Very few college students nowadays get the prescribed eight or so hours of sleep necessary to fully function. It is not necessarily because they’re going out to parties or procrastinating — it just so happens that sometimes our schedules demand that we stay up ’til the early morning in order to finish work.
So, the question I pose: What becomes of these several missed hours of sleep? How do we compensate for our physical fatigue when getting some much-needed rest the night before isn’t an option?
I’ve discovered the answer. There are two such phyla of sleepless individuals: the class-sleeper and the caffeine-fiend.
Having an 8:30 a.m. class, I have experienced first-hand the temptation to substitute a good night’s sleep for a cup o’ joe.
However, many people underestimate coffee’s harmful effects. Few people consider coffee for what it is: a powerful stimulant … also known as a drug. Yes, folks, a drug. If there is any doubt in your mind that it should be classified as such, I suggest you visit the coffee kiosk or a campus beverage dispenser on a weekday morning. Take note of the wide eyed caffeine junkie, anxiously fumbling change in their palms in need of their next fix. Please, just say no to beggars outside the library.
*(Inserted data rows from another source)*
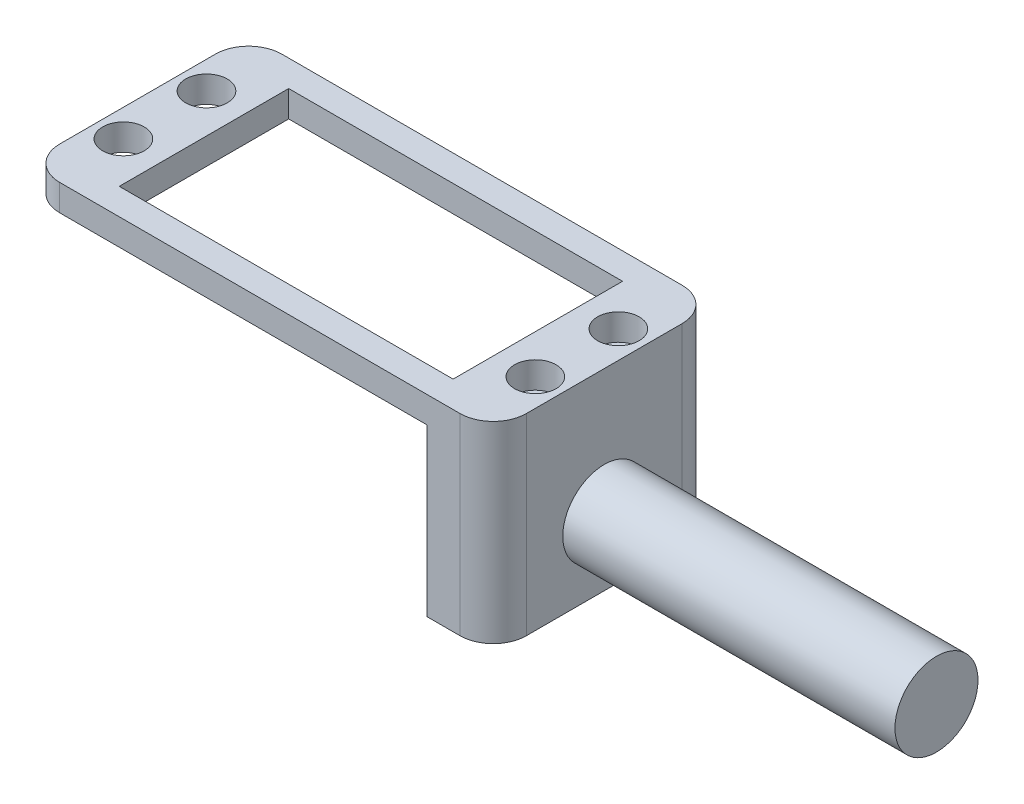
ISO-10303-21;
HEADER;
FILE_DESCRIPTION(('STEP AP214'),'2;1');
FILE_NAME('part.step','',(''),(''),'','','');
FILE_SCHEMA(('AUTOMOTIVE_DESIGN { 1 0 10303 214 1 1 1 1 }'));
ENDSEC;
DATA;
#1=APPLICATION_CONTEXT('core data for automotive mechanical design processes');
#2=APPLICATION_PROTOCOL_DEFINITION('international standard','automotive_design',2000,#1);
#3=PRODUCT_CONTEXT('',#1,'mechanical');
#4=PRODUCT('Part','Part','',(#3));
#5=PRODUCT_RELATED_PRODUCT_CATEGORY('part','',(#4));
#6=PRODUCT_DEFINITION_FORMATION('','',#4);
#7=PRODUCT_DEFINITION_CONTEXT('part definition',#1,'design');
#8=PRODUCT_DEFINITION('design','',#6,#7);
#9=PRODUCT_DEFINITION_SHAPE('','',#8);
#10=(LENGTH_UNIT() NAMED_UNIT(*) SI_UNIT(.MILLI.,.METRE.));
#11=(NAMED_UNIT(*) PLANE_ANGLE_UNIT() SI_UNIT($,.RADIAN.));
#12=(NAMED_UNIT(*) SI_UNIT($,.STERADIAN.) SOLID_ANGLE_UNIT());
#13=UNCERTAINTY_MEASURE_WITH_UNIT(LENGTH_MEASURE(1.E-05),#10,'distance_accuracy_value','');
#14=(GEOMETRIC_REPRESENTATION_CONTEXT(3) GLOBAL_UNCERTAINTY_ASSIGNED_CONTEXT((#13)) GLOBAL_UNIT_ASSIGNED_CONTEXT((#10,
#11,#12)) REPRESENTATION_CONTEXT('',''));
#15=CARTESIAN_POINT('',(0.,0.,0.));
#16=DIRECTION('',(0.,0.,1.));
#17=DIRECTION('',(1.,0.,0.));
#18=AXIS2_PLACEMENT_3D('',#15,#16,#17);
#19=CARTESIAN_POINT('',(0.,0.,0.));
#20=DIRECTION('',(0.,1.,0.));
#21=DIRECTION('',(0.,0.,1.));
#22=AXIS2_PLACEMENT_3D('',#19,#20,#21);
#23=PLANE('',#22);
#24=CARTESIAN_POINT('',(-24.8,0.,-4.99999999999998));
#25=DIRECTION('',(0.,1.,0.));
#26=DIRECTION('',(0.,0.,-1.));
#27=AXIS2_PLACEMENT_3D('',#24,#25,#26);
#28=CIRCLE('',#27,2.5);
#29=CARTESIAN_POINT('',(-24.8,0.,-7.49999999999998));
#30=VERTEX_POINT('',#29);
#31=EDGE_CURVE('E156',#30,#30,#28,.T.);
#32=ORIENTED_EDGE('',*,*,#31,.T.);
#33=EDGE_LOOP('',(#32));
#34=FACE_BOUND('',#33,.T.);
#35=CARTESIAN_POINT('',(-24.8,0.,5.00000000000002));
#36=DIRECTION('',(0.,1.,0.));
#37=DIRECTION('',(0.,0.,-1.));
#38=AXIS2_PLACEMENT_3D('',#35,#36,#37);
#39=CIRCLE('',#38,2.5);
#40=CARTESIAN_POINT('',(-24.8,0.,2.50000000000002));
#41=VERTEX_POINT('',#40);
#42=EDGE_CURVE('E177',#41,#41,#39,.T.);
#43=ORIENTED_EDGE('',*,*,#42,.T.);
#44=EDGE_LOOP('',(#43));
#45=FACE_BOUND('',#44,.T.);
#46=DIRECTION('',(1.,0.,0.));
#47=VECTOR('',#46,1.);
#48=CARTESIAN_POINT('',(-28.1,0.,13.375));
#49=LINE('',#48,#47);
#50=CARTESIAN_POINT('',(-24.1,0.,13.375));
#51=VERTEX_POINT('',#50);
#52=CARTESIAN_POINT('',(20.1,0.,13.375));
#53=VERTEX_POINT('',#52);
#54=EDGE_CURVE('E152',#51,#53,#49,.T.);
#55=ORIENTED_EDGE('',*,*,#54,.F.);
#56=CARTESIAN_POINT('',(-24.1,0.,9.375));
#57=DIRECTION('',(0.,1.,0.));
#58=DIRECTION('',(0.,0.,1.));
#59=AXIS2_PLACEMENT_3D('',#56,#57,#58);
#60=CIRCLE('',#59,4.);
#61=CARTESIAN_POINT('',(-28.1,0.,9.37500000000001));
#62=VERTEX_POINT('',#61);
#63=EDGE_CURVE('E48',#51,#62,#60,.F.);
#64=ORIENTED_EDGE('',*,*,#63,.T.);
#65=DIRECTION('',(0.,0.,1.));
#66=VECTOR('',#65,1.);
#67=CARTESIAN_POINT('',(-28.1,0.,-13.375));
#68=LINE('',#67,#66);
#69=CARTESIAN_POINT('',(-28.1,0.,-9.37499999999999));
#70=VERTEX_POINT('',#69);
#71=EDGE_CURVE('E238',#70,#62,#68,.T.);
#72=ORIENTED_EDGE('',*,*,#71,.F.);
#73=CARTESIAN_POINT('',(-24.1,0.,-9.37499999999999));
#74=DIRECTION('',(0.,1.,0.));
#75=DIRECTION('',(0.,0.,1.));
#76=AXIS2_PLACEMENT_3D('',#73,#74,#75);
#77=CIRCLE('',#76,4.);
#78=CARTESIAN_POINT('',(-24.1,0.,-13.375));
#79=VERTEX_POINT('',#78);
#80=EDGE_CURVE('E56',#70,#79,#77,.F.);
#81=ORIENTED_EDGE('',*,*,#80,.T.);
#82=DIRECTION('',(-1.,0.,0.));
#83=VECTOR('',#82,1.);
#84=CARTESIAN_POINT('',(-28.1,0.,-13.375));
#85=LINE('',#84,#83);
#86=CARTESIAN_POINT('',(20.1,0.,-13.375));
#87=VERTEX_POINT('',#86);
#88=EDGE_CURVE('E223',#87,#79,#85,.T.);
#89=ORIENTED_EDGE('',*,*,#88,.F.);
#90=DIRECTION('',(0.,0.,-1.));
#91=VECTOR('',#90,1.);
#92=CARTESIAN_POINT('',(20.1,0.,-13.375));
#93=LINE('',#92,#91);
#94=CARTESIAN_POINT('',(20.1,0.,-10.2));
#95=VERTEX_POINT('',#94);
#96=EDGE_CURVE('E172',#95,#87,#93,.T.);
#97=ORIENTED_EDGE('',*,*,#96,.F.);
#98=DIRECTION('',(-1.,0.,0.));
#99=VECTOR('',#98,1.);
#100=CARTESIAN_POINT('',(-20.1,0.,-10.2));
#101=LINE('',#100,#99);
#102=CARTESIAN_POINT('',(-20.1,0.,-10.2));
#103=VERTEX_POINT('',#102);
#104=EDGE_CURVE('E195',#95,#103,#101,.T.);
#105=ORIENTED_EDGE('',*,*,#104,.T.);
#106=DIRECTION('',(0.,0.,1.));
#107=VECTOR('',#106,1.);
#108=CARTESIAN_POINT('',(-20.1,0.,-10.2));
#109=LINE('',#108,#107);
#110=CARTESIAN_POINT('',(-20.1,0.,10.2));
#111=VERTEX_POINT('',#110);
#112=EDGE_CURVE('E211',#103,#111,#109,.T.);
#113=ORIENTED_EDGE('',*,*,#112,.T.);
#114=DIRECTION('',(1.,0.,0.));
#115=VECTOR('',#114,1.);
#116=CARTESIAN_POINT('',(-20.1,0.,10.2));
#117=LINE('',#116,#115);
#118=CARTESIAN_POINT('',(20.1,0.,10.2));
#119=VERTEX_POINT('',#118);
#120=EDGE_CURVE('E201',#111,#119,#117,.T.);
#121=ORIENTED_EDGE('',*,*,#120,.T.);
#122=EDGE_CURVE('E169',#53,#119,#93,.T.);
#123=ORIENTED_EDGE('',*,*,#122,.F.);
#124=EDGE_LOOP('',(#55,#64,#72,#81,#89,#97,#105,#113,#121,#123));
#125=FACE_BOUND('',#124,.T.);
#126=ADVANCED_FACE('F33',(#34,#45,#125),#23,.F.);
#127=CARTESIAN_POINT('',(0.,3.175,0.));
#128=DIRECTION('',(0.,1.,0.));
#129=DIRECTION('',(0.,0.,1.));
#130=AXIS2_PLACEMENT_3D('',#127,#128,#129);
#131=PLANE('',#130);
#132=CARTESIAN_POINT('',(-24.8,3.175,5.00000000000002));
#133=DIRECTION('',(0.,1.,0.));
#134=DIRECTION('',(0.,0.,-1.));
#135=AXIS2_PLACEMENT_3D('',#132,#133,#134);
#136=CIRCLE('',#135,2.5);
#137=CARTESIAN_POINT('',(-24.8,3.175,2.50000000000002));
#138=VERTEX_POINT('',#137);
#139=EDGE_CURVE('E180',#138,#138,#136,.T.);
#140=ORIENTED_EDGE('',*,*,#139,.F.);
#141=EDGE_LOOP('',(#140));
#142=FACE_BOUND('',#141,.T.);
#143=CARTESIAN_POINT('',(24.8,3.175,-4.99999999999999));
#144=DIRECTION('',(0.,1.,0.));
#145=DIRECTION('',(0.,0.,1.));
#146=AXIS2_PLACEMENT_3D('',#143,#144,#145);
#147=CIRCLE('',#146,2.5);
#148=CARTESIAN_POINT('',(24.8,3.175,-2.5));
#149=VERTEX_POINT('',#148);
#150=EDGE_CURVE('E192',#149,#149,#147,.T.);
#151=ORIENTED_EDGE('',*,*,#150,.F.);
#152=EDGE_LOOP('',(#151));
#153=FACE_BOUND('',#152,.T.);
#154=DIRECTION('',(0.,0.,-1.));
#155=VECTOR('',#154,1.);
#156=CARTESIAN_POINT('',(28.1,3.175,-13.375));
#157=LINE('',#156,#155);
#158=CARTESIAN_POINT('',(28.1,3.175,9.37499999999999));
#159=VERTEX_POINT('',#158);
#160=CARTESIAN_POINT('',(28.1,3.175,-9.375));
#161=VERTEX_POINT('',#160);
#162=EDGE_CURVE('E224',#159,#161,#157,.T.);
#163=ORIENTED_EDGE('',*,*,#162,.T.);
#164=CARTESIAN_POINT('',(24.1,3.175,-9.375));
#165=DIRECTION('',(0.,1.,0.));
#166=DIRECTION('',(0.,0.,1.));
#167=AXIS2_PLACEMENT_3D('',#164,#165,#166);
#168=CIRCLE('',#167,4.);
#169=CARTESIAN_POINT('',(24.1,3.175,-13.375));
#170=VERTEX_POINT('',#169);
#171=EDGE_CURVE('E260',#161,#170,#168,.T.);
#172=ORIENTED_EDGE('',*,*,#171,.T.);
#173=DIRECTION('',(-1.,0.,0.));
#174=VECTOR('',#173,1.);
#175=CARTESIAN_POINT('',(-28.1,3.175,-13.375));
#176=LINE('',#175,#174);
#177=CARTESIAN_POINT('',(-24.1,3.175,-13.375));
#178=VERTEX_POINT('',#177);
#179=EDGE_CURVE('E227',#170,#178,#176,.T.);
#180=ORIENTED_EDGE('',*,*,#179,.T.);
#181=CARTESIAN_POINT('',(-24.1,3.175,-9.37499999999999));
#182=DIRECTION('',(0.,1.,0.));
#183=DIRECTION('',(0.,0.,1.));
#184=AXIS2_PLACEMENT_3D('',#181,#182,#183);
#185=CIRCLE('',#184,4.);
#186=CARTESIAN_POINT('',(-28.1,3.175,-9.37499999999999));
#187=VERTEX_POINT('',#186);
#188=EDGE_CURVE('E254',#178,#187,#185,.T.);
#189=ORIENTED_EDGE('',*,*,#188,.T.);
#190=DIRECTION('',(0.,0.,1.));
#191=VECTOR('',#190,1.);
#192=CARTESIAN_POINT('',(-28.1,3.175,-13.375));
#193=LINE('',#192,#191);
#194=CARTESIAN_POINT('',(-28.1,3.175,9.37500000000001));
#195=VERTEX_POINT('',#194);
#196=EDGE_CURVE('E230',#187,#195,#193,.T.);
#197=ORIENTED_EDGE('',*,*,#196,.T.);
#198=CARTESIAN_POINT('',(-24.1,3.175,9.375));
#199=DIRECTION('',(0.,1.,0.));
#200=DIRECTION('',(0.,0.,1.));
#201=AXIS2_PLACEMENT_3D('',#198,#199,#200);
#202=CIRCLE('',#201,4.);
#203=CARTESIAN_POINT('',(-24.1,3.175,13.375));
#204=VERTEX_POINT('',#203);
#205=EDGE_CURVE('E256',#195,#204,#202,.T.);
#206=ORIENTED_EDGE('',*,*,#205,.T.);
#207=DIRECTION('',(1.,0.,0.));
#208=VECTOR('',#207,1.);
#209=CARTESIAN_POINT('',(-28.1,3.175,13.375));
#210=LINE('',#209,#208);
#211=CARTESIAN_POINT('',(24.1,3.175,13.375));
#212=VERTEX_POINT('',#211);
#213=EDGE_CURVE('E233',#204,#212,#210,.T.);
#214=ORIENTED_EDGE('',*,*,#213,.T.);
#215=CARTESIAN_POINT('',(24.1,3.175,9.37499999999999));
#216=DIRECTION('',(0.,1.,0.));
#217=DIRECTION('',(0.,0.,1.));
#218=AXIS2_PLACEMENT_3D('',#215,#216,#217);
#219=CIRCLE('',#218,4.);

If you give them change, you’re only endorsing their addiction.
A cup of organic roast or a latte may seem innocent, but it’s only a matter of time before the abuser reaches critical mass. Symptoms are heart palpitations, heightened anxiety and restlessness. The signs are unmistakably apparent and annoying. There is nothing more distracting than someone sitting in the seat next to you, bobbing up and down. Should you find yourself stuck next to an abuser, just remember to take it easy and take deep breaths. These same individuals, in an hour’s time, will be passed out on their desks like babies (and then it will only be their snoring that’s annoying).